Двое суток его не тревожили ни допросами, ни просто вопросами. Двое суток трижды в день и точно в одно и то же время приносили еду (скорее всего — из офицерского котла), один раз в сутки к нему обязательно являлся врач-пузан, щупал пульс и уходил, буркнув что-то немцу с лошадиным лицом, который обязательно сопровождал его.
Больше никого и ничего. Лежи и думай, капитан Кулик, думай о своем житье-бытье, о своей безрадостной судьбине.
Немцам, которые неустанно наблюдали за ним, должно было казаться, что русский уже сломлен, уже примирился со своей участью: так безропотно он выполнял все немногие распоряжения. И от еды не отказывался, и курил лишь тогда, когда ему разрешали это, и даже вымылся в корыте, даже нижнее белье сменил. Уцепился лишь за гимнастерку со «шпалами» в петлицах.
Не знали, не догадывались враги, что капитан Кулик, притворившийся сломленным, все думал, думал.

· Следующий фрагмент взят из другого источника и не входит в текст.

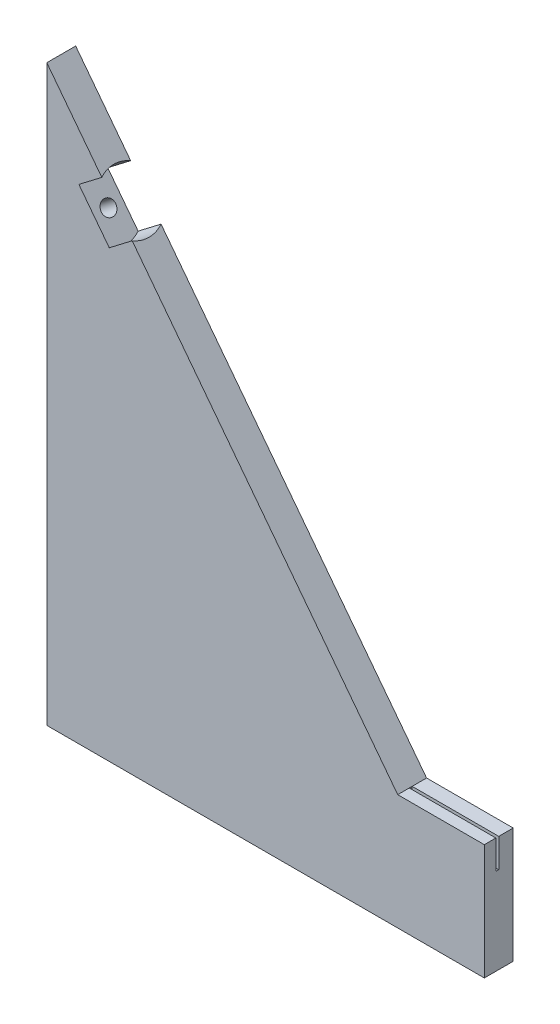
ISO-10303-21;
HEADER;
FILE_DESCRIPTION(('STEP AP214'),'2;1');
FILE_NAME('part.step','',(''),(''),'','','');
FILE_SCHEMA(('AUTOMOTIVE_DESIGN { 1 0 10303 214 1 1 1 1 }'));
ENDSEC;
DATA;
#1=APPLICATION_CONTEXT('core data for automotive mechanical design processes');
#2=APPLICATION_PROTOCOL_DEFINITION('international standard','automotive_design',2000,#1);
#3=PRODUCT_CONTEXT('',#1,'mechanical');
#4=PRODUCT('Part','Part','',(#3));
#5=PRODUCT_RELATED_PRODUCT_CATEGORY('part','',(#4));
#6=PRODUCT_DEFINITION_FORMATION('','',#4);
#7=PRODUCT_DEFINITION_CONTEXT('part definition',#1,'design');
#8=PRODUCT_DEFINITION('design','',#6,#7);
#9=PRODUCT_DEFINITION_SHAPE('','',#8);
#10=(LENGTH_UNIT() NAMED_UNIT(*) SI_UNIT(.MILLI.,.METRE.));
#11=(NAMED_UNIT(*) PLANE_ANGLE_UNIT() SI_UNIT($,.RADIAN.));
#12=(NAMED_UNIT(*) SI_UNIT($,.STERADIAN.) SOLID_ANGLE_UNIT());
#13=UNCERTAINTY_MEASURE_WITH_UNIT(LENGTH_MEASURE(1.E-05),#10,'distance_accuracy_value','');
#14=(GEOMETRIC_REPRESENTATION_CONTEXT(3) GLOBAL_UNCERTAINTY_ASSIGNED_CONTEXT((#13)) GLOBAL_UNIT_ASSIGNED_CONTEXT((#10,
#11,#12)) REPRESENTATION_CONTEXT('',''));
#15=CARTESIAN_POINT('',(0.,0.,0.));
#16=DIRECTION('',(0.,0.,1.));
#17=DIRECTION('',(1.,0.,0.));
#18=AXIS2_PLACEMENT_3D('',#15,#16,#17);
#19=CARTESIAN_POINT('',(61.7516378344646,-67.9802034253826,6.35));
#20=DIRECTION('',(-0.794096490407309,-0.60779171096914,0.));
#21=DIRECTION('',(0.60779171096914,-0.794096490407309,0.));
#22=AXIS2_PLACEMENT_3D('',#19,#20,#21);
#23=PLANE('',#22);
#24=DIRECTION('',(-0.60779171096914,0.794096490407309,0.));
#25=VECTOR('',#24,1.);
#26=CARTESIAN_POINT('',(61.7516378344646,-67.9802034253826,6.35));
#27=LINE('',#26,#25);
#28=CARTESIAN_POINT('',(-3.34240544312143,17.0669441093048,6.35));
#29=VERTEX_POINT('',#28);
#30=CARTESIAN_POINT('',(-15.4379094586162,32.8700508563456,6.35));
#31=VERTEX_POINT('',#30);
#32=EDGE_CURVE('E141',#29,#31,#27,.T.);
#33=ORIENTED_EDGE('',*,*,#32,.F.);
#34=CARTESIAN_POINT('',(0.,12.7,3.175));
#35=DIRECTION('',(0.794096490407309,0.60779171096914,0.));
#36=DIRECTION('',(-0.60779171096914,0.794096490407309,0.));
#37=AXIS2_PLACEMENT_3D('',#34,#35,#36);
#38=CIRCLE('',#37,6.35);
#39=CARTESIAN_POINT('',(-3.34240544312143,17.0669441093048,0.));
#40=VERTEX_POINT('',#39);
#41=EDGE_CURVE('E126',#40,#29,#38,.T.);
#42=ORIENTED_EDGE('',*,*,#41,.F.);
#43=DIRECTION('',(-0.60779171096914,0.794096490407309,0.));
#44=VECTOR('',#43,1.);
#45=CARTESIAN_POINT('',(61.7516378344646,-67.9802034253826,0.));
#46=LINE('',#45,#44);
#47=CARTESIAN_POINT('',(-15.4379094586162,32.8700508563456,0.));
#48=VERTEX_POINT('',#47);
#49=EDGE_CURVE('E174',#40,#48,#46,.T.);
#50=ORIENTED_EDGE('',*,*,#49,.T.);
#51=DIRECTION('',(0.,0.,-1.));
#52=VECTOR('',#51,1.);
#53=CARTESIAN_POINT('',(-15.4379094586162,32.8700508563456,6.35));
#54=LINE('',#53,#52);
#55=EDGE_CURVE('E149',#31,#48,#54,.T.);
#56=ORIENTED_EDGE('',*,*,#55,.F.);
#57=EDGE_LOOP('',(#33,#42,#50,#56));
#58=FACE_BOUND('',#57,.T.);
#59=ADVANCED_FACE('F33',(#58),#23,.F.);
#60=CARTESIAN_POINT('',(61.7516378344646,-67.9802034253826,6.35));
#61=DIRECTION('',(0.,-1.,0.));
#62=DIRECTION('',(1.,0.,0.));
#63=AXIS2_PLACEMENT_3D('',#60,#61,#62);
#64=PLANE('',#63);
#65=DIRECTION('',(0.,0.,-1.));
#66=VECTOR('',#65,1.);
#67=CARTESIAN_POINT('',(61.7516378344646,-67.9802034253826,6.35));
#68=LINE('',#67,#66);
#69=CARTESIAN_POINT('',(61.7516378344646,-67.9802034253826,3.175));
#70=VERTEX_POINT('',#69);
#71=CARTESIAN_POINT('',(61.7516378344646,-67.9802034253826,0.));
#72=VERTEX_POINT('',#71);
#73=EDGE_CURVE('E169',#70,#72,#68,.T.);
#74=ORIENTED_EDGE('',*,*,#73,.F.);
#75=DIRECTION('',(-1.,0.,0.));
#76=VECTOR('',#75,1.);
#77=CARTESIAN_POINT('',(61.7516378344646,-67.9802034253826,3.175));
#78=LINE('',#77,#76);
#79=CARTESIAN_POINT('',(80.8016378344647,-67.9802034253825,3.175));
#80=VERTEX_POINT('',#79);
#81=EDGE_CURVE('E215',#80,#70,#78,.T.);
#82=ORIENTED_EDGE('',*,*,#81,.F.);
#83=DIRECTION('',(0.,0.,-1.));
#84=VECTOR('',#83,1.);
#85=CARTESIAN_POINT('',(80.8016378344647,-67.9802034253825,6.35));
#86=LINE('',#85,#84);
#87=CARTESIAN_POINT('',(80.8016378344647,-67.9802034253825,0.));
#88=VERTEX_POINT('',#87);
#89=EDGE_CURVE('E184',#80,#88,#86,.T.);
#90=ORIENTED_EDGE('',*,*,#89,.T.);
#91=DIRECTION('',(-1.,0.,0.));
#92=VECTOR('',#91,1.);
#93=CARTESIAN_POINT('',(61.7516378344646,-67.9802034253826,0.));
#94=LINE('',#93,#92);
#95=EDGE_CURVE('E151',#88,#72,#94,.T.);
#96=ORIENTED_EDGE('',*,*,#95,.T.);
#97=EDGE_LOOP('',(#74,#82,#90,#96));
#98=FACE_BOUND('',#97,.T.);
#99=ADVANCED_FACE('F273',(#98),#64,.F.);
#100=CARTESIAN_POINT('',(3.34240544312141,8.33305589069512,0.));
#101=VERTEX_POINT('',#100);
#102=EDGE_CURVE('E170',#72,#101,#46,.T.);
#103=ORIENTED_EDGE('',*,*,#102,.T.);
#104=CARTESIAN_POINT('',(3.34240544312141,8.33305589069512,6.35));
#105=VERTEX_POINT('',#104);
#106=EDGE_CURVE('E136',#105,#101,#38,.T.);
#107=ORIENTED_EDGE('',*,*,#106,.F.);
#108=CARTESIAN_POINT('',(61.7516378344646,-67.9802034253826,6.35));
#109=VERTEX_POINT('',#108);
#110=EDGE_CURVE('E150',#109,#105,#27,.T.);
#111=ORIENTED_EDGE('',*,*,#110,.F.);
#112=CARTESIAN_POINT('',(61.7516378344646,-67.9802034253826,3.81));
#113=VERTEX_POINT('',#112);
#114=EDGE_CURVE('E181',#109,#113,#68,.T.);
#115=ORIENTED_EDGE('',*,*,#114,.T.);
#116=DIRECTION('',(0.,0.,1.));
#117=VECTOR('',#116,1.);
#118=CARTESIAN_POINT('',(61.7516378344646,-67.9802034253826,3.81));
#119=LINE('',#118,#117);
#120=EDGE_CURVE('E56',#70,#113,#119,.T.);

Он не сомневался, что близок его последний час. Знал, что этот час будет невероятно тяжелым. Даже страшным. И готовился встретить его.
А что касается угрозы немецкого офицера…
Не его, капитана Кулика, вина, что пока не выпало ему свершить что-то героическое, что пока он не вписал в свою биографию ни одной яркой странички…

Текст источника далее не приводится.